To meet the demand for multifunctional antennas in shipborne communication systems, this paper proposes a novel high gain four-beam reconfigurable patch antenna based on the Yagi antenna.

The proposed antenna is composed of four symmetrical sector elements, with four PIN diodes loaded between the central patch and the sector components. These PIN diodes are used to control the radiation pattern by switching their on/off states, allowing the antenna to achieve four distinct directional patterns. Additionally, arc-shaped parasitic units are incorporated as reflectors or directors to enhance the antenna's gain and suppress sidelobes. The antenna is fabricated on a single-layer PTFE substrate with a dielectric constant of 2.2 and a loss tangent of 0.001, with overall dimensions of 80 mm × 80 mm × 4 mm. The design process involved optimizing various parameters, such as the radius of the sector patches (R1) and the spacing between the parasitic units and the sector patches (D1), to achieve the desired performance. The antenna's performance was evaluated through both simulation and experimental testing, with detailed analysis of its radiation patterns, gain, and impedance characteristics.

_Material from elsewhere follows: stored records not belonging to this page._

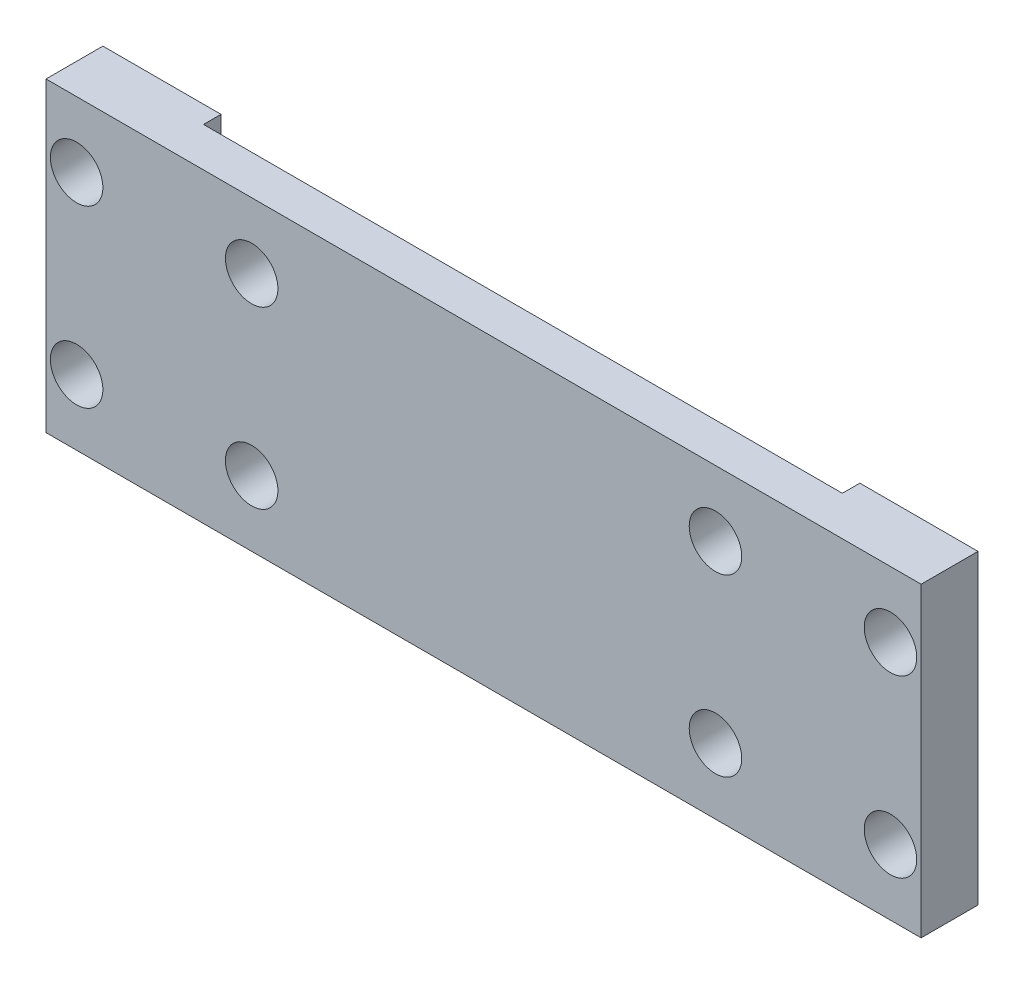
ISO-10303-21;
HEADER;
FILE_DESCRIPTION(('STEP AP214'),'2;1');
FILE_NAME('part.step','',(''),(''),'','','');
FILE_SCHEMA(('AUTOMOTIVE_DESIGN { 1 0 10303 214 1 1 1 1 }'));
ENDSEC;
DATA;
#1=APPLICATION_CONTEXT('core data for automotive mechanical design processes');
#2=APPLICATION_PROTOCOL_DEFINITION('international standard','automotive_design',2000,#1);
#3=PRODUCT_CONTEXT('',#1,'mechanical');
#4=PRODUCT('Part','Part','',(#3));
#5=PRODUCT_RELATED_PRODUCT_CATEGORY('part','',(#4));
#6=PRODUCT_DEFINITION_FORMATION('','',#4);
#7=PRODUCT_DEFINITION_CONTEXT('part definition',#1,'design');
#8=PRODUCT_DEFINITION('design','',#6,#7);
#9=PRODUCT_DEFINITION_SHAPE('','',#8);
#10=(LENGTH_UNIT() NAMED_UNIT(*) SI_UNIT(.MILLI.,.METRE.));
#11=(NAMED_UNIT(*) PLANE_ANGLE_UNIT() SI_UNIT($,.RADIAN.));
#12=(NAMED_UNIT(*) SI_UNIT($,.STERADIAN.) SOLID_ANGLE_UNIT());
#13=UNCERTAINTY_MEASURE_WITH_UNIT(LENGTH_MEASURE(1.E-05),#10,'distance_accuracy_value','');
#14=(GEOMETRIC_REPRESENTATION_CONTEXT(3) GLOBAL_UNCERTAINTY_ASSIGNED_CONTEXT((#13)) GLOBAL_UNIT_ASSIGNED_CONTEXT((#10,
#11,#12)) REPRESENTATION_CONTEXT('',''));
#15=CARTESIAN_POINT('',(0.,0.,0.));
#16=DIRECTION('',(0.,0.,1.));
#17=DIRECTION('',(1.,0.,0.));
#18=AXIS2_PLACEMENT_3D('',#15,#16,#17);
#19=CARTESIAN_POINT('',(0.,0.,2.));
#20=DIRECTION('',(0.,0.,1.));
#21=DIRECTION('',(1.,0.,0.));
#22=AXIS2_PLACEMENT_3D('',#19,#20,#21);
#23=PLANE('',#22);
#24=CARTESIAN_POINT('',(-26.5,-7.5,2.));
#25=DIRECTION('',(0.,0.,1.));
#26=DIRECTION('',(1.,0.,0.));
#27=AXIS2_PLACEMENT_3D('',#24,#25,#26);
#28=CIRCLE('',#27,3.);
#29=CARTESIAN_POINT('',(-23.5,-7.5,2.));
#30=VERTEX_POINT('',#29);
#31=EDGE_CURVE('E232',#30,#30,#28,.T.);
#32=ORIENTED_EDGE('',*,*,#31,.T.);
#33=EDGE_LOOP('',(#32));
#34=FACE_BOUND('',#33,.T.);
#35=CARTESIAN_POINT('',(-26.5,-27.5,2.));
#36=DIRECTION('',(0.,0.,1.));
#37=DIRECTION('',(1.,0.,0.));
#38=AXIS2_PLACEMENT_3D('',#35,#36,#37);
#39=CIRCLE('',#38,3.);
#40=CARTESIAN_POINT('',(-23.5,-27.5,2.));
#41=VERTEX_POINT('',#40);
#42=EDGE_CURVE('E226',#41,#41,#39,.T.);
#43=ORIENTED_EDGE('',*,*,#42,.T.);
#44=EDGE_LOOP('',(#43));
#45=FACE_BOUND('',#44,.T.);
#46=CARTESIAN_POINT('',(26.5,-27.5,2.));
#47=DIRECTION('',(0.,0.,1.));
#48=DIRECTION('',(-1.,0.,0.));
#49=AXIS2_PLACEMENT_3D('',#46,#47,#48);
#50=CIRCLE('',#49,3.);
#51=CARTESIAN_POINT('',(23.5,-27.5,2.));
#52=VERTEX_POINT('',#51);
#53=EDGE_CURVE('E220',#52,#52,#50,.T.);
#54=ORIENTED_EDGE('',*,*,#53,.T.);
#55=EDGE_LOOP('',(#54));
#56=FACE_BOUND('',#55,.T.);
#57=CARTESIAN_POINT('',(26.5,-7.49999999999999,2.));
#58=DIRECTION('',(0.,0.,1.));
#59=DIRECTION('',(-1.,0.,0.));
#60=AXIS2_PLACEMENT_3D('',#57,#58,#59);
#61=CIRCLE('',#60,3.);
#62=CARTESIAN_POINT('',(23.5,-7.49999999999999,2.));
#63=VERTEX_POINT('',#62);
#64=EDGE_CURVE('E214',#63,#63,#61,.T.);
#65=ORIENTED_EDGE('',*,*,#64,.T.);
#66=EDGE_LOOP('',(#65));
#67=FACE_BOUND('',#66,.T.);
#68=DIRECTION('',(0.,-1.,0.));
#69=VECTOR('',#68,1.);
#70=CARTESIAN_POINT('',(36.5,0.,2.));
#71=LINE('',#70,#69);
#72=CARTESIAN_POINT('',(36.5,0.,2.));
#73=VERTEX_POINT('',#72);
#74=CARTESIAN_POINT('',(36.5,-35.,2.));
#75=VERTEX_POINT('',#74);
#76=EDGE_CURVE('E113',#73,#75,#71,.T.);
#77=ORIENTED_EDGE('',*,*,#76,.T.);
#78=DIRECTION('',(1.,0.,0.));
#79=VECTOR('',#78,1.);
#80=CARTESIAN_POINT('',(-50.,-35.,2.));
#81=LINE('',#80,#79);
#82=CARTESIAN_POINT('',(-36.5,-35.,2.));
#83=VERTEX_POINT('',#82);
#84=EDGE_CURVE('E110',#83,#75,#81,.T.);
#85=ORIENTED_EDGE('',*,*,#84,.F.);
#86=DIRECTION('',(0.,1.,0.));
#87=VECTOR('',#86,1.);
#88=CARTESIAN_POINT('',(-36.5,0.,2.));
#89=LINE('',#88,#87);
#90=CARTESIAN_POINT('',(-36.5,0.,2.));
#91=VERTEX_POINT('',#90);
#92=EDGE_CURVE('E98',#83,#91,#89,.T.);
#93=ORIENTED_EDGE('',*,*,#92,.T.);
#94=DIRECTION('',(-1.,0.,0.));
#95=VECTOR('',#94,1.);
#96=CARTESIAN_POINT('',(-50.,0.,2.));
#97=LINE('',#96,#95);
#98=EDGE_CURVE('E115',#73,#91,#97,.T.);
#99=ORIENTED_EDGE('',*,*,#98,.F.);
#100=EDGE_LOOP('',(#77,#85,#93,#99));
#101=FACE_BOUND('',#100,.T.);
#102=ADVANCED_FACE('F41',(#34,#45,#56,#67,#101),#23,.F.);
#103=CARTESIAN_POINT('',(0.,0.,2.));
#104=DIRECTION('',(0.,0.,-1.));
#105=DIRECTION('',(-1.,0.,0.));
#106=AXIS2_PLACEMENT_3D('',#103,#104,#105);
#107=PLANE('',#106);
#108=CARTESIAN_POINT('',(-46.5,-7.5,2.));
#109=DIRECTION('',(0.,0.,1.));
#110=DIRECTION('',(1.,0.,0.));
#111=AXIS2_PLACEMENT_3D('',#108,#109,#110);
#112=CIRCLE('',#111,1.75);
#113=CARTESIAN_POINT('',(-44.75,-7.5,2.));
#114=VERTEX_POINT('',#113);
#115=EDGE_CURVE('E141',#114,#114,#112,.T.);
#116=ORIENTED_EDGE('',*,*,#115,.F.);
#117=EDGE_LOOP('',(#116));
#118=FACE_BOUND('',#117,.T.);
#119=CARTESIAN_POINT('',(-46.5,-7.5,2.));
#120=DIRECTION('',(0.,0.,1.));
#121=DIRECTION('',(1.,0.,0.));
#122=AXIS2_PLACEMENT_3D('',#119,#120,#121);
#123=CIRCLE('',#122,3.);
#124=CARTESIAN_POINT('',(-43.5,-7.5,2.));
#125=VERTEX_POINT('',#124);
#126=EDGE_CURVE('E122',#125,#125,#123,.T.);
#127=ORIENTED_EDGE('',*,*,#126,.T.);
#128=EDGE_LOOP('',(#127));
#129=FACE_BOUND('',#128,.T.);
#130=ADVANCED_FACE('F263',(#118,#129),#107,.F.);
#131=CARTESIAN_POINT('',(-46.5,-27.5,2.));
#132=DIRECTION('',(0.,0.,1.));
#133=DIRECTION('',(1.,0.,0.));
#134=AXIS2_PLACEMENT_3D('',#131,#132,#133);
#135=CIRCLE('',#134,1.75);
#136=CARTESIAN_POINT('',(-44.75,-27.5,2.));
#137=VERTEX_POINT('',#136);
#138=EDGE_CURVE('E135',#137,#137,#135,.T.);
#139=ORIENTED_EDGE('',*,*,#138,.F.);
#140=EDGE_LOOP('',(#139));
#141=FACE_BOUND('',#140,.T.);
#142=CARTESIAN_POINT('',(-46.5,-27.5,2.));
#143=DIRECTION('',(0.,0.,1.));
#144=DIRECTION('',(1.,0.,0.));
#145=AXIS2_PLACEMENT_3D('',#142,#143,#144);
#146=CIRCLE('',#145,3.);
#147=CARTESIAN_POINT('',(-43.5,-27.5,2.));
#148=VERTEX_POINT('',#147);
#149=EDGE_CURVE('E250',#148,#148,#146,.T.);
#150=ORIENTED_EDGE('',*,*,#149,.T.);
#151=EDGE_LOOP('',(#150));
#152=FACE_BOUND('',#151,.T.);
#153=ADVANCED_FACE('F286',(#141,#152),#107,.F.);
#154=CARTESIAN_POINT('',(0.,0.,0.));
#155=DIRECTION('',(0.,0.,-1.));
#156=DIRECTION('',(-1.,0.,0.));
#157=AXIS2_PLACEMENT_3D('',#154,#155,#156);
#158=PLANE('',#157);
#159=CARTESIAN_POINT('',(-46.5,-7.5,0.));
#160=DIRECTION('',(0.,0.,1.));
#161=DIRECTION('',(1.,0.,0.));
#162=AXIS2_PLACEMENT_3D('',#159,#160,#161);
#163=CIRCLE('',#162,1.75);
#164=CARTESIAN_POINT('',(-44.75,-7.5,0.));
#165=VERTEX_POINT('',#164);
#166=EDGE_CURVE('E138',#165,#165,#163,.T.);
#167=ORIENTED_EDGE('',*,*,#166,.T.);
#168=EDGE_LOOP('',(#167));
#169=FACE_BOUND('',#168,.T.);
#170=DIRECTION('',(0.,1.,0.));
#171=VECTOR('',#170,1.);
#172=CARTESIAN_POINT('',(-36.5,0.,0.));
#173=LINE('',#172,#171);
#174=CARTESIAN_POINT('',(-36.5,-35.,0.));
#175=VERTEX_POINT('',#174);
#176=CARTESIAN_POINT('',(-36.5,0.,0.));
#177=VERTEX_POINT('',#176);
#178=EDGE_CURVE('E97',#175,#177,#173,.T.);
#179=ORIENTED_EDGE('',*,*,#178,.F.);
#180=DIRECTION('',(1.,0.,0.));
#181=VECTOR('',#180,1.);
#182=CARTESIAN_POINT('',(-36.5,-35.,0.));
#183=LINE('',#182,#181);
#184=CARTESIAN_POINT('',(-50.,-35.,0.));
#185=VERTEX_POINT('',#184);
#186=EDGE_CURVE('E84',#185,#175,#183,.T.);
#187=ORIENTED_EDGE('',*,*,#186,.F.);
#188=DIRECTION('',(0.,-1.,0.));
#189=VECTOR('',#188,1.);
#190=CARTESIAN_POINT('',(-50.,0.,0.));
#191=LINE('',#190,#189);
#192=CARTESIAN_POINT('',(-50.,0.,0.));
#193=VERTEX_POINT('',#192);
#194=EDGE_CURVE('E74',#193,#185,#191,.T.);
#195=ORIENTED_EDGE('',*,*,#194,.F.);
#196=DIRECTION('',(-1.,0.,0.));
#197=VECTOR('',#196,1.);
#198=CARTESIAN_POINT('',(-36.5,0.,0.));
#199=LINE('',#198,#197);
#200=EDGE_CURVE('E85',#177,#193,#199,.T.);
#201=ORIENTED_EDGE('',*,*,#200,.F.);
#202=EDGE_LOOP('',(#179,#187,#195,#201));
#203=FACE_BOUND('',#202,.T.);
#204=CARTESIAN_POINT('',(-46.5,-27.5,0.));
#205=DIRECTION('',(0.,0.,1.));
#206=DIRECTION('',(1.,0.,0.));
#207=AXIS2_PLACEMENT_3D('',#204,#205,#206);
#208=CIRCLE('',#207,1.75);
#209=CARTESIAN_POINT('',(-44.75,-27.5,0.));
#210=VERTEX_POINT('',#209);
#211=EDGE_CURVE('E134',#210,#210,#208,.T.);
#212=ORIENTED_EDGE('',*,*,#211,.T.);
#213=EDGE_LOOP('',(#212));
#214=FACE_BOUND('',#213,.T.);
#215=ADVANCED_FACE('F94',(#169,#203,#214),#158,.T.);
#216=CARTESIAN_POINT('',(-36.5,0.,2.));
#217=DIRECTION('',(-1.,0.,0.));
#218=DIRECTION('',(0.,-1.,0.));
#219=AXIS2_PLACEMENT_3D('',#216,#217,#218);
#220=PLANE('',#219);
#221=ORIENTED_EDGE('',*,*,#178,.T.);
#222=DIRECTION('',(0.,0.,-1.));
#223=VECTOR('',#222,1.);
#224=CARTESIAN_POINT('',(-36.5,0.,2.));
#225=LINE('',#224,#223);
#226=EDGE_CURVE('E11',#91,#177,#225,.T.);
#227=ORIENTED_EDGE('',*,*,#226,.F.);
#228=ORIENTED_EDGE('',*,*,#92,.F.);
#229=DIRECTION('',(0.,0.,-1.));
#230=VECTOR('',#229,1.);
#231=CARTESIAN_POINT('',(-36.5,-35.,2.));
#232=LINE('',#231,#230);
#233=EDGE_CURVE('E57',#83,#175,#232,.T.);
#234=ORIENTED_EDGE('',*,*,#233,.T.);
#235=EDGE_LOOP('',(#221,#227,#228,#234));
#236=FACE_BOUND('',#235,.T.);
#237=ADVANCED_FACE('F43',(#236),#220,.F.);
#238=CARTESIAN_POINT('',(-36.5,0.,2.));
#239=DIRECTION('',(0.,-1.,0.));
#240=DIRECTION('',(1.,0.,0.));
#241=AXIS2_PLACEMENT_3D('',#238,#239,#240);
#242=PLANE('',#241);
#243=ORIENTED_EDGE('',*,*,#200,.T.);
#244=DIRECTION('',(0.,0.,-1.));
#245=VECTOR('',#244,1.);
#246=CARTESIAN_POINT('',(-50.,0.,2.));
#247=LINE('',#246,#245);
#248=CARTESIAN_POINT('',(-50.,0.,6.5));
#249=VERTEX_POINT('',#248);
#250=EDGE_CURVE('E50',#249,#193,#247,.T.);
#251=ORIENTED_EDGE('',*,*,#250,.F.);
#252=DIRECTION('',(-1.,0.,0.));
#253=VECTOR('',#252,1.);
#254=CARTESIAN_POINT('',(-50.,0.,6.5));
#255=LINE('',#254,#253);
#256=CARTESIAN_POINT('',(50.,0.,6.5));
#257=VERTEX_POINT('',#256);
#258=EDGE_CURVE('E125',#257,#249,#255,.T.);
#259=ORIENTED_EDGE('',*,*,#258,.F.);
#260=DIRECTION('',(0.,0.,-1.));
#261=VECTOR('',#260,1.);
#262=CARTESIAN_POINT('',(50.,0.,6.5));
#263=LINE('',#262,#261);
#264=CARTESIAN_POINT('',(50.,0.,0.));
#265=VERTEX_POINT('',#264);
#266=EDGE_CURVE('E128',#257,#265,#263,.T.);
#267=ORIENTED_EDGE('',*,*,#266,.T.);
#268=DIRECTION('',(-1.,0.,0.));
#269=VECTOR('',#268,1.);
#270=CARTESIAN_POINT('',(36.5,0.,0.));
#271=LINE('',#270,#269);
#272=CARTESIAN_POINT('',(36.5,0.,0.));
#273=VERTEX_POINT('',#272);
#274=EDGE_CURVE('E182',#265,#273,#271,.T.);
#275=ORIENTED_EDGE('',*,*,#274,.T.);
#276=DIRECTION('',(0.,0.,-1.));
#277=VECTOR('',#276,1.);
#278=CARTESIAN_POINT('',(36.5,0.,2.));
#279=LINE('',#278,#277);
#280=EDGE_CURVE('E155',#73,#273,#279,.T.);
#281=ORIENTED_EDGE('',*,*,#280,.F.);
#282=ORIENTED_EDGE('',*,*,#98,.T.);
#283=ORIENTED_EDGE('',*,*,#226,.T.);
#284=EDGE_LOOP('',(#243,#251,#259,#267,#275,#281,#282,#283));
#285=FACE_BOUND('',#284,.T.);
#286=ADVANCED_FACE('F147',(#285),#242,.F.);
#287=CARTESIAN_POINT('',(-50.,0.,2.));
#288=DIRECTION('',(1.,0.,0.));
#289=DIRECTION('',(0.,1.,0.));
#290=AXIS2_PLACEMENT_3D('',#287,#288,#289);
#291=PLANE('',#290);
#292=ORIENTED_EDGE('',*,*,#194,.T.);
#293=DIRECTION('',(0.,0.,-1.));
#294=VECTOR('',#293,1.);
#295=CARTESIAN_POINT('',(-50.,-35.,2.));
#296=LINE('',#295,#294);
#297=CARTESIAN_POINT('',(-50.,-35.,6.5));
#298=VERTEX_POINT('',#297);
#299=EDGE_CURVE('E79',#298,#185,#296,.T.);
#300=ORIENTED_EDGE('',*,*,#299,.F.);
#301=DIRECTION('',(0.,-1.,0.));
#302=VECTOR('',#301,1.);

Experimental results demonstrate that the antenna can achieve beam pointing at four specific azimuth angles (45°, 135°, 225°, and 315°) across four operating modes. Within the frequency range of 5.47 to 6.05 GHz, the antenna exhibits a high average gain of 7.46 dBi, with a measured impedance bandwidth of 10.07%. The measured gain is consistent across all four modes, with a maximum gain of 8.68 dBi observed within the operating band. The introduction of parasitic elements significantly enhances the antenna's directional radiation pattern, reducing sidelobes and improving gain. The optimized antenna demonstrates excellent impedance matching and radiation characteristics, with the measured results closely matching the simulated performance.

The proposed antenna has the advantages of high gain, low profile and simple control. Its radiation direction can be dynamically adjusted according to the communication needs of ships in order to reduce signal interference and improve communication quality.